*Problem statement:* Two lines mark the range in the entries below: the one holding "#13483 = ORIENTED_EDGE" and the one holding "#15689 = DIRECTION". Set down those two and all lines between them, exactly.

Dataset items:
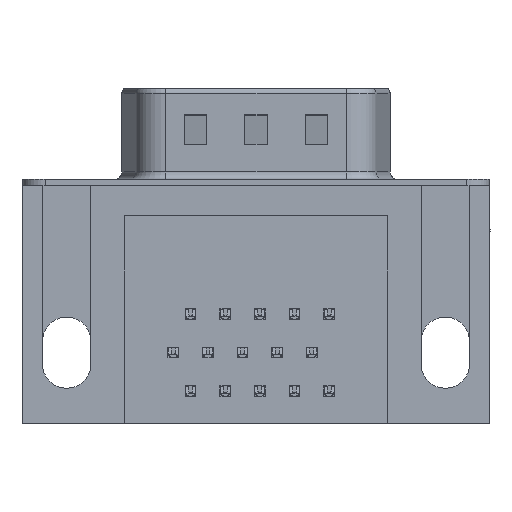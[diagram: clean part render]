
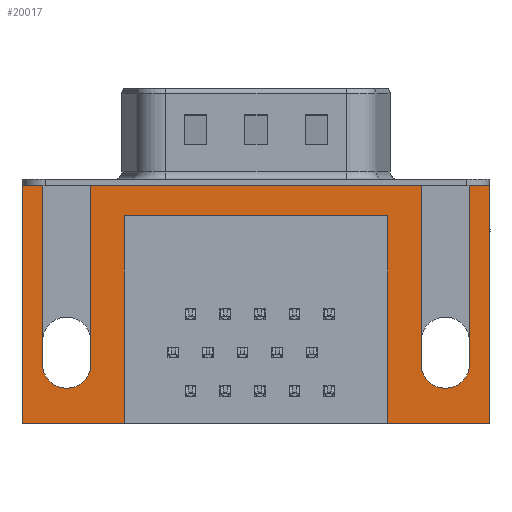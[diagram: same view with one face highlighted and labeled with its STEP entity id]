
A CAD part, front view. The second image highlights one B-rep face of the part: STEP entity #20017.
In plain terms, the highlighted planar face has unit normal (0, -1, 0).
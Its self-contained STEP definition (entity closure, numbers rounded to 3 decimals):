
#201 = ORIENTED_EDGE ( 'NONE', *, *, #9626, .F. ) ;
#254 = EDGE_CURVE ( 'NONE', #21435, #9159, #6636, .T. ) ;
#392 = VECTOR ( 'NONE', #19574, 1000. ) ;
#414 = DIRECTION ( 'NONE',  ( 0., 0., 1. ) ) ;
#636 = ORIENTED_EDGE ( 'NONE', *, *, #5907, .F. ) ;
#654 = ORIENTED_EDGE ( 'NONE', *, *, #254, .F. ) ;
#730 = CARTESIAN_POINT ( 'NONE',  ( -1.6, -6.275, 0. ) ) ;
#889 = VECTOR ( 'NONE', #15719, 1000. ) ;
#891 = ORIENTED_EDGE ( 'NONE', *, *, #2339, .F. ) ;
#1201 = ORIENTED_EDGE ( 'NONE', *, *, #4809, .F. ) ;
#1432 = LINE ( 'NONE', #20511, #889 ) ;
#1436 = AXIS2_PLACEMENT_3D ( 'NONE', #7140, #16055, #414 ) ;
#1517 = AXIS2_PLACEMENT_3D ( 'NONE', #7011, #18528, #8737 ) ;
#1553 = CARTESIAN_POINT ( 'NONE',  ( -2.91, -6.275, -2.5 ) ) ;
#1605 = CARTESIAN_POINT ( 'NONE',  ( 26.59, -6.275, 0. ) ) ;
#1833 = CARTESIAN_POINT ( 'NONE',  ( 21.2, -6.275, -15.7 ) ) ;
#1979 = ORIENTED_EDGE ( 'NONE', *, *, #14726, .F. ) ;
#2068 = VERTEX_POINT ( 'NONE', #7059 ) ;
#2235 = DIRECTION ( 'NONE',  ( -1., 0., 0. ) ) ;
#2263 = VERTEX_POINT ( 'NONE', #10899 ) ;
#2339 = EDGE_CURVE ( 'NONE', #18263, #18349, #21151, .T. ) ;
#3209 = PLANE ( 'NONE',  #14948 ) ;
#3278 = CARTESIAN_POINT ( 'NONE',  ( 1.6, -6.275, -11.78 ) ) ;
#3283 = DIRECTION ( 'NONE',  ( 0., 0., -1. ) ) ;
#3440 = ORIENTED_EDGE ( 'NONE', *, *, #15546, .F. ) ;
#3669 = DIRECTION ( 'NONE',  ( -1., 0., 0. ) ) ;
#3707 = ORIENTED_EDGE ( 'NONE', *, *, #18133, .F. ) ;
#3764 = VECTOR ( 'NONE', #13093, 1000. ) ;
#3991 = VERTEX_POINT ( 'NONE', #18006 ) ;
#4179 = VERTEX_POINT ( 'NONE', #7975 ) ;
#4337 = EDGE_CURVE ( 'NONE', #19334, #2263, #14925, .T. ) ;
#4541 = EDGE_LOOP ( 'NONE', ( #9094, #14355, #654, #1201, #12535, #201, #891, #21509, #13483, #3440, #3707, #16353, #1979, #12538, #13719, #16079, #6384, #636 ) ) ;
#4577 = CARTESIAN_POINT ( 'NONE',  ( 27.9, -6.275, -15.7 ) ) ;
#4809 = EDGE_CURVE ( 'NONE', #11281, #21435, #6085, .T. ) ;
#4862 = VERTEX_POINT ( 'NONE', #8712 ) ;
#5253 = EDGE_CURVE ( 'NONE', #3991, #12302, #7136, .T. ) ;
#5907 = EDGE_CURVE ( 'NONE', #2263, #16255, #1432, .T. ) ;
#6085 = LINE ( 'NONE', #21566, #18718 ) ;
#6110 = VECTOR ( 'NONE', #10049, 1000. ) ;
#6298 = CARTESIAN_POINT ( 'NONE',  ( -2.91, -6.275, -15.7 ) ) ;
#6384 = ORIENTED_EDGE ( 'NONE', *, *, #15274, .T. ) ;
#6420 = CARTESIAN_POINT ( 'NONE',  ( 27.9, -6.275, -15.7 ) ) ;
#6466 = CARTESIAN_POINT ( 'NONE',  ( 0., -6.275, -13.38 ) ) ;
#6508 = CIRCLE ( 'NONE', #1517, 1.6 ) ;
#6545 = CARTESIAN_POINT ( 'NONE',  ( 23.39, -6.275, -11.78 ) ) ;
#6636 = CIRCLE ( 'NONE', #1436, 1.6 ) ;
#6731 = DIRECTION ( 'NONE',  ( 0., 0., 1. ) ) ;
#6767 = DIRECTION ( 'NONE',  ( 0., -1., 0. ) ) ;
#6870 = DIRECTION ( 'NONE',  ( 1., 0., 0. ) ) ;
#7011 = CARTESIAN_POINT ( 'NONE',  ( 24.99, -6.275, -11.78 ) ) ;
#7039 = LINE ( 'NONE', #10236, #15820 ) ;
#7059 = CARTESIAN_POINT ( 'NONE',  ( -1.6, -6.275, -11.78 ) ) ;
#7136 = LINE ( 'NONE', #4577, #19702 ) ;
#7140 = CARTESIAN_POINT ( 'NONE',  ( 24.99, -6.275, -11.78 ) ) ;
#7836 = CARTESIAN_POINT ( 'NONE',  ( 27.9, -6.275, 0. ) ) ;
#7975 = CARTESIAN_POINT ( 'NONE',  ( 3.79, -6.275, -2. ) ) ;
#7980 = AXIS2_PLACEMENT_3D ( 'NONE', #16637, #6767, #18276 ) ;
#8150 = CARTESIAN_POINT ( 'NONE',  ( 3.79, -6.275, -2. ) ) ;
#8351 = LINE ( 'NONE', #6420, #3764 ) ;
#8712 = CARTESIAN_POINT ( 'NONE',  ( 27.9, -6.275, -15.7 ) ) ;
#8737 = DIRECTION ( 'NONE',  ( 0., 0., 1. ) ) ;
#8771 = CARTESIAN_POINT ( 'NONE',  ( 27.9, -6.275, -2.5 ) ) ;
#9065 = LINE ( 'NONE', #8771, #17225 ) ;
#9094 = ORIENTED_EDGE ( 'NONE', *, *, #4337, .F. ) ;
#9098 = CARTESIAN_POINT ( 'NONE',  ( 3.79, -6.275, -2. ) ) ;
#9159 = VERTEX_POINT ( 'NONE', #21258 ) ;
#9320 = VERTEX_POINT ( 'NONE', #1833 ) ;
#9409 = DIRECTION ( 'NONE',  ( 1., 0., 0. ) ) ;
#9449 = CARTESIAN_POINT ( 'NONE',  ( 21.2, -6.275, -2. ) ) ;
#9626 = EDGE_CURVE ( 'NONE', #18349, #14333, #19650, .T. ) ;
#9635 = DIRECTION ( 'NONE',  ( 0., 0., 1. ) ) ;
#10049 = DIRECTION ( 'NONE',  ( 0., 0., 1. ) ) ;
#10236 = CARTESIAN_POINT ( 'NONE',  ( -2.91, -6.275, 0. ) ) ;
#10409 = DIRECTION ( 'NONE',  ( 0., 0., 1. ) ) ;
#10591 = VERTEX_POINT ( 'NONE', #9449 ) ;
#10767 = LINE ( 'NONE', #19405, #12835 ) ;
#10899 = CARTESIAN_POINT ( 'NONE',  ( 26.59, -6.275, 0. ) ) ;
#11107 = CARTESIAN_POINT ( 'NONE',  ( 26.59, -6.275, -11.78 ) ) ;
#11281 = VERTEX_POINT ( 'NONE', #17791 ) ;
#11308 = CARTESIAN_POINT ( 'NONE',  ( -1.6, -6.275, 0. ) ) ;
#11431 = EDGE_CURVE ( 'NONE', #14333, #11281, #7039, .T. ) ;
#11470 = EDGE_CURVE ( 'NONE', #9159, #19334, #6508, .T. ) ;
#11613 = EDGE_CURVE ( 'NONE', #10591, #4179, #16061, .T. ) ;
#11700 = EDGE_CURVE ( 'NONE', #16324, #2068, #18864, .T. ) ;
#11758 = CARTESIAN_POINT ( 'NONE',  ( 21.2, -6.275, -2. ) ) ;
#12280 = VERTEX_POINT ( 'NONE', #17742 ) ;
#12302 = VERTEX_POINT ( 'NONE', #6298 ) ;
#12517 = EDGE_CURVE ( 'NONE', #9320, #10591, #19580, .T. ) ;
#12535 = ORIENTED_EDGE ( 'NONE', *, *, #11431, .F. ) ;
#12538 = ORIENTED_EDGE ( 'NONE', *, *, #11613, .F. ) ;
#12613 = DIRECTION ( 'NONE',  ( 0., 0., -1. ) ) ;
#12835 = VECTOR ( 'NONE', #9635, 1000. ) ;
#13093 = DIRECTION ( 'NONE',  ( -1., 0., 0. ) ) ;
#13308 = CARTESIAN_POINT ( 'NONE',  ( 1.6, -6.275, 0. ) ) ;
#13355 = DIRECTION ( 'NONE',  ( 0., -1., 0. ) ) ;
#13402 = DIRECTION ( 'NONE',  ( 0., 0., 1. ) ) ;
#13483 = ORIENTED_EDGE ( 'NONE', *, *, #11700, .F. ) ;
#13545 = CARTESIAN_POINT ( 'NONE',  ( 1.6, -6.275, 0. ) ) ;
#13659 = VECTOR ( 'NONE', #9409, 1000. ) ;
#13719 = ORIENTED_EDGE ( 'NONE', *, *, #12517, .F. ) ;
#13896 = LINE ( 'NONE', #8150, #392 ) ;
#14333 = VERTEX_POINT ( 'NONE', #13545 ) ;
#14355 = ORIENTED_EDGE ( 'NONE', *, *, #11470, .F. ) ;
#14726 = EDGE_CURVE ( 'NONE', #4179, #3991, #13896, .T. ) ;
#14925 = LINE ( 'NONE', #1605, #6110 ) ;
#14948 = AXIS2_PLACEMENT_3D ( 'NONE', #1553, #13355, #3283 ) ;
#15046 = FACE_OUTER_BOUND ( 'NONE', #4541, .T. ) ;
#15169 = EDGE_CURVE ( 'NONE', #2068, #18263, #15984, .T. ) ;
#15274 = EDGE_CURVE ( 'NONE', #4862, #16255, #9065, .T. ) ;
#15334 = VECTOR ( 'NONE', #6731, 1000. ) ;
#15402 = AXIS2_PLACEMENT_3D ( 'NONE', #17031, #19333, #19309 ) ;
#15546 = EDGE_CURVE ( 'NONE', #12280, #16324, #17476, .T. ) ;
#15689 = DIRECTION ( 'NONE',  ( 0., 0., -1. ) ) ;
#15719 = DIRECTION ( 'NONE',  ( 1., 0., 0. ) ) ;
#15820 = VECTOR ( 'NONE', #6870, 1000. ) ;
#15984 = CIRCLE ( 'NONE', #7980, 1.6 ) ;
#16055 = DIRECTION ( 'NONE',  ( 0., -1., 0. ) ) ;
#16061 = LINE ( 'NONE', #9098, #20831 ) ;
#16079 = ORIENTED_EDGE ( 'NONE', *, *, #20918, .F. ) ;
#16255 = VERTEX_POINT ( 'NONE', #7836 ) ;
#16324 = VERTEX_POINT ( 'NONE', #11308 ) ;
#16353 = ORIENTED_EDGE ( 'NONE', *, *, #5253, .F. ) ;
#16637 = CARTESIAN_POINT ( 'NONE',  ( 0., -6.275, -11.78 ) ) ;
#17031 = CARTESIAN_POINT ( 'NONE',  ( 0., -6.275, -11.78 ) ) ;
#17225 = VECTOR ( 'NONE', #10409, 1000. ) ;
#17476 = LINE ( 'NONE', #19180, #13659 ) ;
#17742 = CARTESIAN_POINT ( 'NONE',  ( -2.91, -6.275, 0. ) ) ;
#17791 = CARTESIAN_POINT ( 'NONE',  ( 23.39, -6.275, 0. ) ) ;
#18006 = CARTESIAN_POINT ( 'NONE',  ( 3.79, -6.275, -15.7 ) ) ;
#18133 = EDGE_CURVE ( 'NONE', #12302, #12280, #10767, .T. ) ;
#18263 = VERTEX_POINT ( 'NONE', #6466 ) ;
#18276 = DIRECTION ( 'NONE',  ( 0., 0., -1. ) ) ;
#18349 = VERTEX_POINT ( 'NONE', #3278 ) ;
#18528 = DIRECTION ( 'NONE',  ( 0., -1., 0. ) ) ;
#18718 = VECTOR ( 'NONE', #15689, 1000. ) ;
#18864 = LINE ( 'NONE', #730, #19364 ) ;
#19180 = CARTESIAN_POINT ( 'NONE',  ( -2.91, -6.275, 0. ) ) ;
#19309 = DIRECTION ( 'NONE',  ( 0., 0., -1. ) ) ;
#19333 = DIRECTION ( 'NONE',  ( 0., -1., 0. ) ) ;
#19334 = VERTEX_POINT ( 'NONE', #11107 ) ;
#19364 = VECTOR ( 'NONE', #12613, 1000. ) ;
#19405 = CARTESIAN_POINT ( 'NONE',  ( -2.91, -6.275, -2.5 ) ) ;
#19574 = DIRECTION ( 'NONE',  ( 0., 0., -1. ) ) ;
#19580 = LINE ( 'NONE', #11758, #20069 ) ;
#19650 = LINE ( 'NONE', #13308, #15334 ) ;
#19702 = VECTOR ( 'NONE', #3669, 1000. ) ;
#20017 = ADVANCED_FACE ( 'NONE', ( #15046 ), #3209, .T. ) ;
#20069 = VECTOR ( 'NONE', #13402, 1000. ) ;
#20511 = CARTESIAN_POINT ( 'NONE',  ( -2.91, -6.275, 0. ) ) ;
#20831 = VECTOR ( 'NONE', #2235, 1000. ) ;
#20918 = EDGE_CURVE ( 'NONE', #4862, #9320, #8351, .T. ) ;
#21151 = CIRCLE ( 'NONE', #15402, 1.6 ) ;
#21258 = CARTESIAN_POINT ( 'NONE',  ( 24.99, -6.275, -13.38 ) ) ;
#21435 = VERTEX_POINT ( 'NONE', #6545 ) ;
#21509 = ORIENTED_EDGE ( 'NONE', *, *, #15169, .F. ) ;
#21566 = CARTESIAN_POINT ( 'NONE',  ( 23.39, -6.275, 0. ) ) ;

*Written response:*
#13483 = ORIENTED_EDGE ( 'NONE', *, *, #11700, .F. ) ;
#13545 = CARTESIAN_POINT ( 'NONE',  ( 1.6, -6.275, 0. ) ) ;
#13659 = VECTOR ( 'NONE', #9409, 1000. ) ;
#13719 = ORIENTED_EDGE ( 'NONE', *, *, #12517, .F. ) ;
#13896 = LINE ( 'NONE', #8150, #392 ) ;
#14333 = VERTEX_POINT ( 'NONE', #13545 ) ;
#14355 = ORIENTED_EDGE ( 'NONE', *, *, #11470, .F. ) ;
#14726 = EDGE_CURVE ( 'NONE', #4179, #3991, #13896, .T. ) ;
#14925 = LINE ( 'NONE', #1605, #6110 ) ;
#14948 = AXIS2_PLACEMENT_3D ( 'NONE', #1553, #13355, #3283 ) ;
#15046 = FACE_OUTER_BOUND ( 'NONE', #4541, .T. ) ;
#15169 = EDGE_CURVE ( 'NONE', #2068, #18263, #15984, .T. ) ;
#15274 = EDGE_CURVE ( 'NONE', #4862, #16255, #9065, .T. ) ;
#15334 = VECTOR ( 'NONE', #6731, 1000. ) ;
#15402 = AXIS2_PLACEMENT_3D ( 'NONE', #17031, #19333, #19309 ) ;
#15546 = EDGE_CURVE ( 'NONE', #12280, #16324, #17476, .T. ) ;
#15689 = DIRECTION ( 'NONE',  ( 0., 0., -1. ) ) ;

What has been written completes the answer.